── The input

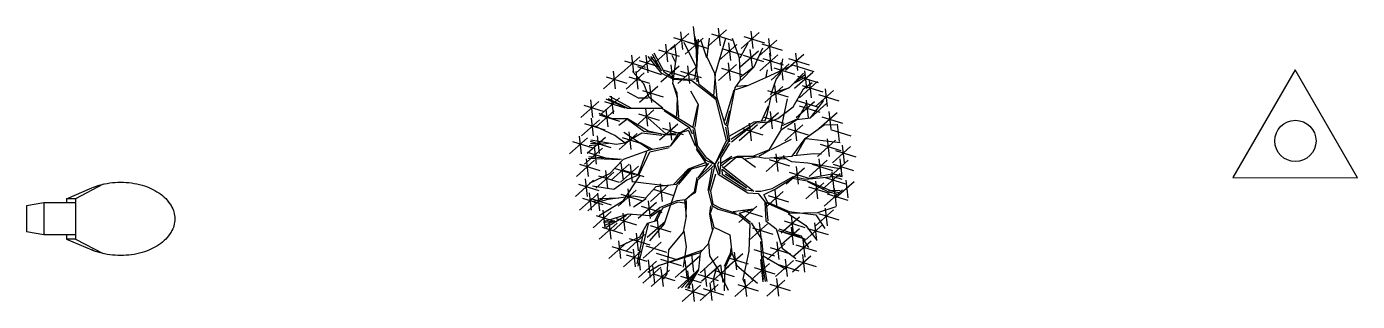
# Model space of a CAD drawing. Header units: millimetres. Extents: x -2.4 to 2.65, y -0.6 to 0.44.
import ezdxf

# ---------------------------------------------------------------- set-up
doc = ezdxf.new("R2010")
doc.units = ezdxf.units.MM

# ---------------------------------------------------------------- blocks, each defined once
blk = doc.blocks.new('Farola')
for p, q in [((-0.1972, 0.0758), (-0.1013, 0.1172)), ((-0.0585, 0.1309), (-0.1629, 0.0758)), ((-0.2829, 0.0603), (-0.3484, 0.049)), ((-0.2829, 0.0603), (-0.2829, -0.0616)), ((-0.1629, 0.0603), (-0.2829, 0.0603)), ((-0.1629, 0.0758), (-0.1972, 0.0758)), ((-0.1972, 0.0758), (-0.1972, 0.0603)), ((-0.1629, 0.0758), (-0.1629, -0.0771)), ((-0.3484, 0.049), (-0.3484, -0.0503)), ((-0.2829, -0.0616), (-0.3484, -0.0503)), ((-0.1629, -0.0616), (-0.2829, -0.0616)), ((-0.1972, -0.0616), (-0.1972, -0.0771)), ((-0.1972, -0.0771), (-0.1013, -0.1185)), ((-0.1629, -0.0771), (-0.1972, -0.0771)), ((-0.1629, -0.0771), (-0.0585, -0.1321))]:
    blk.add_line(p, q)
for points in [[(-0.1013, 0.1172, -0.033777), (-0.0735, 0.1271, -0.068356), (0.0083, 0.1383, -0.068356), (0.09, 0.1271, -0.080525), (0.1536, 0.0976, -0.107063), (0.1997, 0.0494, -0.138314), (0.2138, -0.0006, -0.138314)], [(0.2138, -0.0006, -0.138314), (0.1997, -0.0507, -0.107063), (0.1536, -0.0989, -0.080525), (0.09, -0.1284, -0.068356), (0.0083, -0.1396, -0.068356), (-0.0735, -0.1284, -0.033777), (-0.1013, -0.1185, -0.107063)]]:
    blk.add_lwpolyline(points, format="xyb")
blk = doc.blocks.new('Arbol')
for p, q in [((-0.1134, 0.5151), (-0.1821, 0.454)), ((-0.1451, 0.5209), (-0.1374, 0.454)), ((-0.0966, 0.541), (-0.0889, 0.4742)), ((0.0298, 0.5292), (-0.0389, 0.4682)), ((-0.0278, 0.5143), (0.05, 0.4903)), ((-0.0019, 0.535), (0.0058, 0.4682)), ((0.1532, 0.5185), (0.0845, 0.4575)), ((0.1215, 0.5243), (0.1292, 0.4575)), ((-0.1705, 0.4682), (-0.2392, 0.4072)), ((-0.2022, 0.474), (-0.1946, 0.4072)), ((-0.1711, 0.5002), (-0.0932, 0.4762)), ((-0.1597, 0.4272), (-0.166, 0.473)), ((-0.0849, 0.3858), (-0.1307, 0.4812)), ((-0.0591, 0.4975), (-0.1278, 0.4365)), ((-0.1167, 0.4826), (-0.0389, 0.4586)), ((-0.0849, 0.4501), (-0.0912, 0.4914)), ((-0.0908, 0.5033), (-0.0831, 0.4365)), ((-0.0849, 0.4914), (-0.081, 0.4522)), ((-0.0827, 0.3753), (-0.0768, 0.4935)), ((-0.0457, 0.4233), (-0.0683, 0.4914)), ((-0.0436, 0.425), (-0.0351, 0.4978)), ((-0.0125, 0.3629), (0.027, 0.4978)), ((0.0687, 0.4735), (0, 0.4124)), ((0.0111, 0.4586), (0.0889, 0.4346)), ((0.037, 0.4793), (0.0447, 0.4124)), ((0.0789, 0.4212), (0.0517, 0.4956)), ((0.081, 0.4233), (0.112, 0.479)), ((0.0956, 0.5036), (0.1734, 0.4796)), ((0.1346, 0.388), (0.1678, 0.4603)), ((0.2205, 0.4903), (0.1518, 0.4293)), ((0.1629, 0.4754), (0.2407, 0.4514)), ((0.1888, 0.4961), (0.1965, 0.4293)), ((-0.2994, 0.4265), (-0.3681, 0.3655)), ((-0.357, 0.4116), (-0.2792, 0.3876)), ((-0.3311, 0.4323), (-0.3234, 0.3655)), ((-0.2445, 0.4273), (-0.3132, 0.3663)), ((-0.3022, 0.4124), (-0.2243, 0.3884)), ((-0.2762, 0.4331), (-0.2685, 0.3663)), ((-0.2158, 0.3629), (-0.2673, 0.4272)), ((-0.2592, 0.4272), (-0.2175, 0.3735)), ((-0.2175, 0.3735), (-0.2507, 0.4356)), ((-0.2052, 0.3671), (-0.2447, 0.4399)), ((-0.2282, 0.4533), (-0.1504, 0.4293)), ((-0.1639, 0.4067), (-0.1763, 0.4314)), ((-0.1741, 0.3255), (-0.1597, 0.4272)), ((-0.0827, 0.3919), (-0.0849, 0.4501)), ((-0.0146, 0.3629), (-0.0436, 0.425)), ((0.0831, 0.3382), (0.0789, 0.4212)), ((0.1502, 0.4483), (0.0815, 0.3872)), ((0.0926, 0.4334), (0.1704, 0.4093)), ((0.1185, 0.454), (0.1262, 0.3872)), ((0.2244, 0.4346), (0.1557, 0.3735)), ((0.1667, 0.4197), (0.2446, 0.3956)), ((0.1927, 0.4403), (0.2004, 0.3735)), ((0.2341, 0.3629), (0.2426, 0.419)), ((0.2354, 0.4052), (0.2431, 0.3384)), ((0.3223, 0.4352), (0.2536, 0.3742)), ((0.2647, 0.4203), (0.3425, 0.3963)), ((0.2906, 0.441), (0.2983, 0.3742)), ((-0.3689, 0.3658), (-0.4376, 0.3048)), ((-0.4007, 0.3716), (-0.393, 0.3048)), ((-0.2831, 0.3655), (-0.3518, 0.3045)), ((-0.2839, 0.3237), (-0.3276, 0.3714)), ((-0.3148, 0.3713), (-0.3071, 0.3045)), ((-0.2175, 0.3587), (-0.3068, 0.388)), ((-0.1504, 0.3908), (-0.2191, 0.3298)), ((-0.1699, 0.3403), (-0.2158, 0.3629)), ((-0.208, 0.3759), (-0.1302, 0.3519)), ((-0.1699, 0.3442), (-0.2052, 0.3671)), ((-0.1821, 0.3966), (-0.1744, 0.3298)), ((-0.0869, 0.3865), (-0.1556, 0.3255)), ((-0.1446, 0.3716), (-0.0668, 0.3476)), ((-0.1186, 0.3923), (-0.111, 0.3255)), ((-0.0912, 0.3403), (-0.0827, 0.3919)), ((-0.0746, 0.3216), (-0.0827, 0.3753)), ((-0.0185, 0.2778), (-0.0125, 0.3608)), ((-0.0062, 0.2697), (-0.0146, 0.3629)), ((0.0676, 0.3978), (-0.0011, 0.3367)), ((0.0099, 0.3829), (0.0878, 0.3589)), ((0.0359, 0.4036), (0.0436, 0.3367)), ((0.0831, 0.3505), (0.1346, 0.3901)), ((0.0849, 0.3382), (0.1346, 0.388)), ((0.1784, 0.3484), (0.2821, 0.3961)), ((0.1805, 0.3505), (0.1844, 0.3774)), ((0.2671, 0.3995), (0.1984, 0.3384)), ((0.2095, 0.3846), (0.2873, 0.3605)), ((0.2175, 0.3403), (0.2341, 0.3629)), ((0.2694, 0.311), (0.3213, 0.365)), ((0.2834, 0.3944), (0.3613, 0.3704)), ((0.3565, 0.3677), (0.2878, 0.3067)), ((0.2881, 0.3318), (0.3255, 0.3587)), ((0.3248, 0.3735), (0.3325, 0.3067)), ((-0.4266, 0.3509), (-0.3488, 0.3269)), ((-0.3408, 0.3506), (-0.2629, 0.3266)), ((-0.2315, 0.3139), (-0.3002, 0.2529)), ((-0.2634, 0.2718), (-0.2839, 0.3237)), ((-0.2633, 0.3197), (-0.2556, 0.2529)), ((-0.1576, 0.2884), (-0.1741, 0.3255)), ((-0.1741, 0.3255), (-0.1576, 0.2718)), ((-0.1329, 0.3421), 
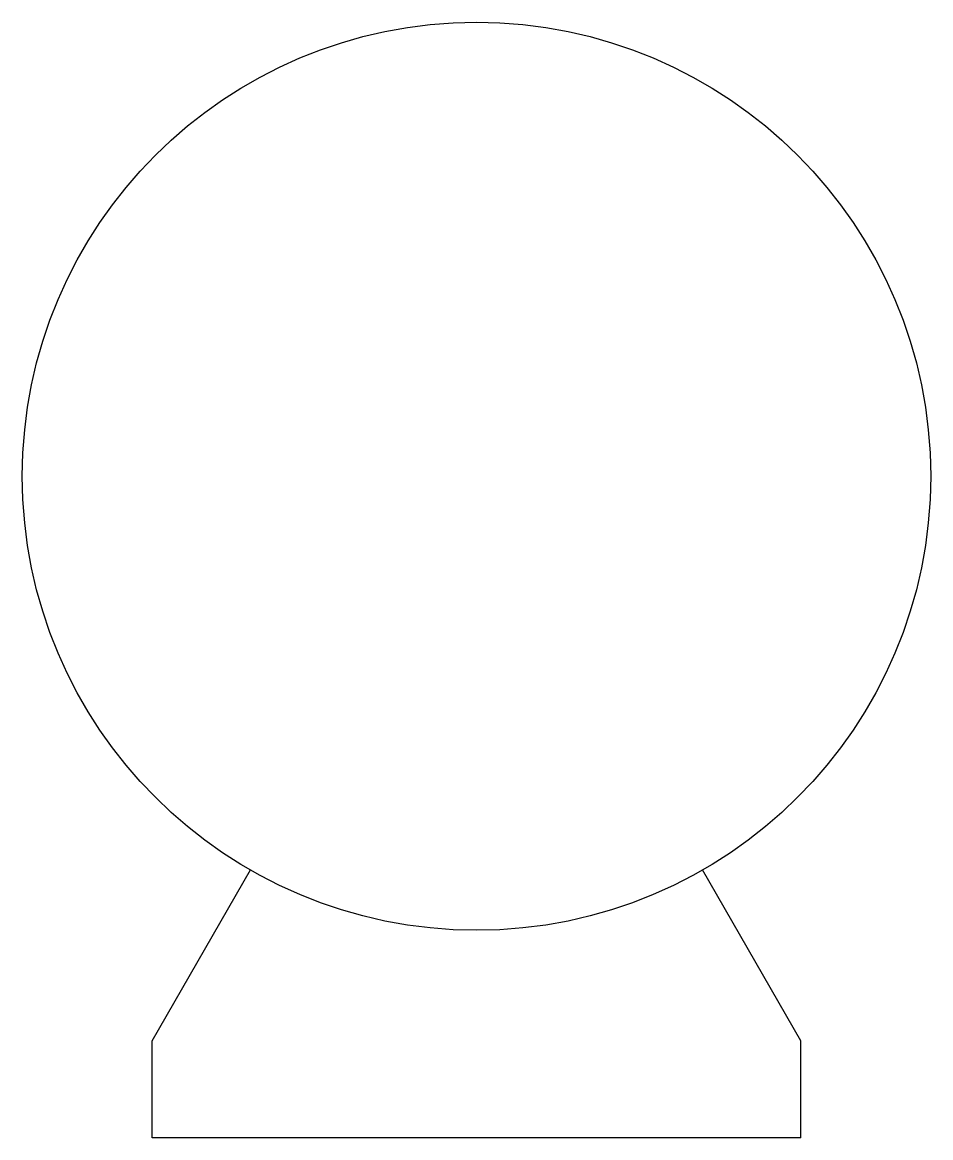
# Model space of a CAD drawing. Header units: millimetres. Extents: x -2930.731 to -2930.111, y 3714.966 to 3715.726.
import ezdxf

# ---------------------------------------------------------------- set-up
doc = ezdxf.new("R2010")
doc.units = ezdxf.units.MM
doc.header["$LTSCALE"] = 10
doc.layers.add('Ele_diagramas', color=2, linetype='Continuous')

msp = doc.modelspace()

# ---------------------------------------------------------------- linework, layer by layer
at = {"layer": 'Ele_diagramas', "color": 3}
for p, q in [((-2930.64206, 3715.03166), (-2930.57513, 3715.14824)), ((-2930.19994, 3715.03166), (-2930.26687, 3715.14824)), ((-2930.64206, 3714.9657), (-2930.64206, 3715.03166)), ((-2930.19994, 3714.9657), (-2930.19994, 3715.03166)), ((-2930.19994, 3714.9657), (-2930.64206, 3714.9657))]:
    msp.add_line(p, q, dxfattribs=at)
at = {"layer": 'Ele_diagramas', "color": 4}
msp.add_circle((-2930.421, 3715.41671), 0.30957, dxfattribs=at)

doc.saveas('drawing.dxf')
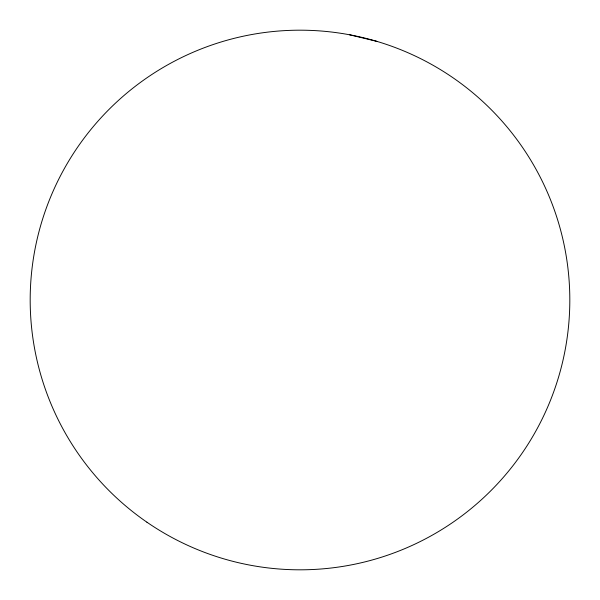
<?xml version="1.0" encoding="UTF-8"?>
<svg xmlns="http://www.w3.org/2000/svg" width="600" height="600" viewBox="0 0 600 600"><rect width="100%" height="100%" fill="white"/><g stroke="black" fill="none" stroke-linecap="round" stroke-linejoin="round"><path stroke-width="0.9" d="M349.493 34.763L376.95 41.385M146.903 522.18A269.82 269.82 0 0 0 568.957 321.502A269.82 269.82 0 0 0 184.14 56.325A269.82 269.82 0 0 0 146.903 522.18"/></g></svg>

────

Brief:
Please report every line in the entries above that holds the string "blocks".

Task result:
# ---------------------------------------------------------------- blocks, each defined once
blk = doc.blocks.new('Farola')
blk = doc.blocks.new('Arbol')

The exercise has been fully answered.